- Episode no.: Season 1 Episode 5
- Directed by: Patrick Barton
- Teleplay by: Raymond Westwell; David Bradley;
- Based on: Othello by William Shakespeare
- Original air date: 18 November 1964
- Running time: 130 mins

Episode chronology
| ← Previous "The Bomb" | Next → "Ring Out Wild Bells" |

= Othello (Wednesday Theatre) =

"Othello" is a 1964 Australian television play based on the play by William Shakespeare. It was broadcast on the ABC as part of Wednesday Theatre and filmed in ABC's Melbourne studios. It aired on 18 November 1964 in Melbourne, on 3 February 1965 in Sydney, and on 7 July 1965 in Brisbane.
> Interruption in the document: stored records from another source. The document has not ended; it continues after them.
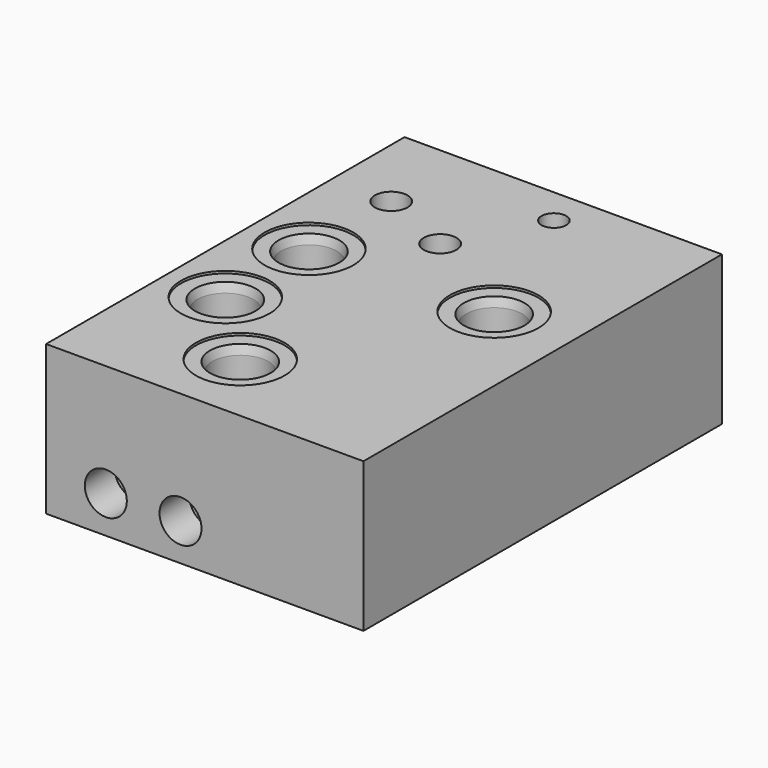
from build123d import *

# Parameters (mm, degrees)
F0_W           = 107.95
F0_H           = 152.4
F1_DEPTH       = 25.4
F18_R          = 7.14375
F19_DEPTH      = 12.7
F20_R          = 4.7625
F21_DEPTH      = 101.6
F22_R          = 7.14375
F23_DEPTH      = 12.7
F24_R          = 4.7625
F25_DEPTH      = 101.6
F26_R          = 5.9436
F27_DEPTH      = 4.7752
F28_R          = 1.5875
F29_DEPTH      = 3.175
F31_DEPTH      = 22.86
F32_R          = 7.14375
F32_R_2        = 4.7625
F33_DEPTH      = 12.7
F34_END_RADIUS = 8.7376
F34_REACH      = 165.8713841816
F35_R          = 7.14375
F35_R_2        = 4.7625
F36_DEPTH      = 12.7
F37_R          = 5.9436
F38_DEPTH      = 4.7752
F39_DEPTH      = 31.75
F40_R          = 5.5626
F41_DEPTH      = 15.875


# Not quite as in the source:
# - a feature names something its author has since deleted; it is built from what else it names


with BuildPart() as f1:
    # F0 (on Top) → F1 (new body, symmetric)
    with BuildSketch(Plane.XY):
        Rectangle(F0_W, F0_H)
    extrude(amount=F1_DEPTH, both=True)

    # F3 (on offset) → F4 (revolve, cut)
    with BuildSketch(Plane.XZ.offset(50.8)):
        Polygon((6.8326, 25.4), (-8.255, 25.4), (-8.255, -3.9624), (-1.905, -3.9624), (-1.905, 6.35), (0.4826, 6.35), (0.4826, 12.7), (1.27, 12.7), (1.27, 21.6265861489), (2.0701, 24.6126), (6.8326, 24.6126), align=None)
    revolve(axis=Axis((-8.255, -50.8, 4.1184453023), (0, 0, -1)), mode=Mode.SUBTRACT)

    # F6 (on offset) → F7 (revolve, cut)
    with BuildSketch(Plane.XZ.offset(25.4)):
        Polygon((-18.5674, 25.4), (-33.655, 25.4), (-33.655, -3.9624), (-27.305, -3.9624), (-27.305, 6.35), (-24.9174, 6.35), (-24.9174, 12.7), (-24.13, 12.7), (-24.13, 21.6265861489), (-23.3299, 24.6126), (-18.5674, 24.6126), align=None)
    revolve(axis=Axis((-33.655, -25.4, 7.4702984761), (0, 0, -1)), mode=Mode.SUBTRACT)

    # F9 (on offset) → F10 (revolve, cut)
    with BuildSketch(Plane.XZ.offset(-63.5)):
        Polygon((11.2014, -3.8165312859), (11.2014, 25.4), (6.985, 25.4), (6.985, -6.35), align=None)
    revolve(axis=Axis((6.985, 63.5, 7.0877279262), (0, 0, -1)), mode=Mode.SUBTRACT)

    # F12 (on offset) → F13 (revolve, cut)
    with BuildSketch(Plane.XZ.offset(-12.7)):
        Polygon((42.3926, 25.4), (27.305, 25.4), (27.305, -3.9624), (33.655, -3.9624), (33.655, 6.35), (36.0426, 6.35), (36.0426, 12.7), (36.83, 12.7), (36.83, 21.6265861489), (37.6301, 24.6126), (42.3926, 24.6126), align=None)
    revolve(axis=Axis((27.305, 12.7, 8.8350928114), (0, 0, -1)), mode=Mode.SUBTRACT)

    # F15 (on offset) → F16 (revolve, cut)
    with BuildSketch(Plane.XZ.offset(-10.16)):
        Polygon((-18.5674, 25.4), (-33.655, 25.4), (-33.655, -3.9624), (-27.305, -3.9624), (-27.305, 6.35), (-24.9174, 6.35), (-24.9174, 12.7), (-24.13, 12.7), (-24.13, 21.6265861489), (-23.3299, 24.6126), (-18.5674, 24.6126), align=None)
    revolve(axis=Axis((-33.655, 10.16, 10.2464657762), (0, 0, -1)), mode=Mode.SUBTRACT)

    # F18 (on face) → F19 (cut)
    with BuildSketch(Plane.XZ.offset(76.2)):
        with Locations((-33.655, -12.7)):
            Circle(F18_R)
    extrude(amount=-F19_DEPTH, mode=Mode.SUBTRACT)

    # F20 (on face) → F21 (cut)
    with BuildSketch(Plane.XZ.offset(76.2)):
        with Locations((-33.655, -12.7)):
            Circle(F20_R)
    extrude(amount=-F21_DEPTH, mode=Mode.SUBTRACT)

    # F22 (on face) → F23 (cut)
    with BuildSketch(Plane(origin=(0, 76.2, 0), x_dir=(-1, 0, 0), z_dir=(0, 1, 0))):
        with Locations((33.655, 10.9728)):
            Circle(F22_R)
    extrude(amount=-F23_DEPTH, mode=Mode.SUBTRACT)

    # F24 (on face) → F25 (cut)
    with BuildSketch(Plane(origin=(0, 76.2, 0), x_dir=(-1, 0, 0), z_dir=(0, 1, 0))):
        with Locations((33.655, 10.9728)):
            Circle(F24_R)
    extrude(amount=-F25_DEPTH, mode=Mode.SUBTRACT)

    # F26 (on face) → F27 (cut)
    with BuildSketch(Plane.XY.offset(-3.9624)):
        with Locations((-33.655, 10.16)):
            Circle(F26_R)
    extrude(amount=-F27_DEPTH, mode=Mode.SUBTRACT)

    # F28 (on face) → F29 (cut)
    with BuildSketch(Plane.XY.offset(-3.9624)):
        with Locations((-33.655, -20.6375)):
            Circle(F28_R)
    extrude(amount=-F29_DEPTH, mode=Mode.SUBTRACT)

    # F30 (on face) → F31 (cut)
    with BuildSketch(Plane(origin=(-53.975, 0, 0), x_dir=(0, -1, 0), z_dir=(-1, 0, 0))):
        with BuildLine():
            ThreePointArc((21.7122081883, -7.1374), (22.0911601217, -6.606987853), (22.225, -5.969))
            ThreePointArc((22.225, -5.969), (19.999512147, -4.5153398783), (19.5627918117, -7.1374))
            Line((19.5627918117, -7.1374), (21.7122081883, -7.1374))
        make_face()
        with BuildLine():
            Line((21.7122081883, -7.1374), (19.5627918117, -7.1374))
            ThreePointArc((19.5627918117, -7.1374), (20.6375, -7.5565), (21.7122081883, -7.1374))
        make_face()
    extrude(amount=-F31_DEPTH, mode=Mode.SUBTRACT)

    # F32 (on face) → F33 (cut, through all)
    with BuildSketch(Plane(origin=(0, 76.2, 0), x_dir=(-1, 0, 0), z_dir=(0, 1, 0))):
        with Locations((8.255, 10.9728)):
            Circle(F32_R)
        with Locations((8.255, 10.9728)):
            Circle(F32_R_2, mode=Mode.SUBTRACT)
        with Locations((8.255, 10.9728)):
            Circle(F32_R_2)
    extrude(amount=-F33_DEPTH, mode=Mode.SUBTRACT)

    f34_end = (Plane(origin=(-8.255, -50.8, 9.525), x_dir=(1, 0, 0), z_dir=(0, 0, 1)) * Cylinder(F34_END_RADIUS, 718.8324349781, mode=Mode.PRIVATE)).faces().sort_by_distance((-16.9926, -50.8, 9.525))[0]
    # F32 (on face) → F34 (cut, up to the whole of a round face its end follows)
    with BuildSketch(Plane(origin=(0, 76.2, 0), x_dir=(-1, 0, 0), z_dir=(0, 1, 0))):
        with Locations((8.255, 10.9728)):
            Circle(F32_R_2)
    f34_long = extrude(amount=-F34_REACH, mode=Mode.PRIVATE)
    add(split(f34_long, bisect_by=f34_end, keep=Keep.ALL, mode=Mode.PRIVATE).solids().sort_by_distance((-8.255, 76.2, 10.9728))[0], mode=Mode.SUBTRACT)

    # F35 (on face) → F36 (cut, through all)
    with BuildSketch(Plane.XZ.offset(76.2)):
        with Locations((-8.255, -12.7)):
            Circle(F35_R)
        with Locations((-8.255, -12.7)):
            Circle(F35_R_2, mode=Mode.SUBTRACT)
    extrude(amount=-F36_DEPTH, mode=Mode.SUBTRACT)

    # F37 (on face) → F38 (cut, through all)
    with BuildSketch(Plane.XY.offset(-3.9624)):
        with Locations((-8.255, -50.8)):
            Circle(F37_R)
    extrude(amount=-F38_DEPTH, mode=Mode.SUBTRACT)

    # F39 (cut): a face of the model
    f39_faces = [f1.faces().sort_by_distance(p)[0] for p in [
        (-8.255, -76.2, -12.7),
    ]]
    extrude(f39_faces, amount=-F39_DEPTH, mode=Mode.SUBTRACT)

    # F40 (on face) → F41 (cut)
    with BuildSketch(Plane.XY.offset(25.4)):
        with Locations((-8.255, 34.1804362833)):
            Circle(F40_R)
        with Locations((-33.655, 45.1278984547)):
            Circle(F40_R)
    extrude(amount=-F41_DEPTH, mode=Mode.SUBTRACT)


solid = f1.part

It was one of the most ambitious projects made in Melbourne, going for over two hours without a break.

==Cast==
- Raymond Westwell as Othello
- Keith Lee as Iago
- Frances McDonald as Desdemona
- Joan MacArthur as Emilia
- Judith Arthy as Bianca
- John Gregg as Cassio
- Terry Norris as Rodrigo
- Don Crosby as Duke of Vince

==Production==
Raymond Westwell had played generals on Australian TV in The Angry General and Romanoff and Juliet as well as on stage in Ross. "But Othello the Moor is perhaps the stage's greatest general and a part I have been conceited enough to want to have a go at for years", said Westwell.

The actor had appeared in various productions of the play overseas but this was the first time he had played the title character. He had seen Laurence Olivier, Anthony Quayle and Paul Robeson play the part. "There are a thousand ways of doing this play and many arguments for and against Othello being portrayed either as a Negro or an Arab," said Westwell. "Sir Laurence Olivier played him as a negro and won tremendous acclaim last year. However Patrick Barton and I feel that Shakespeare intended him to be an Arab."

Frances McDonald made her TV debut.

==Reception==
The Sydney Morning Herald said "the emotional trivialities of the minor characters were excellently handled" but felt Othello was "rather too much an English country gentleman" and Keith Lee played his part "as a man believing in nothing apart from himself."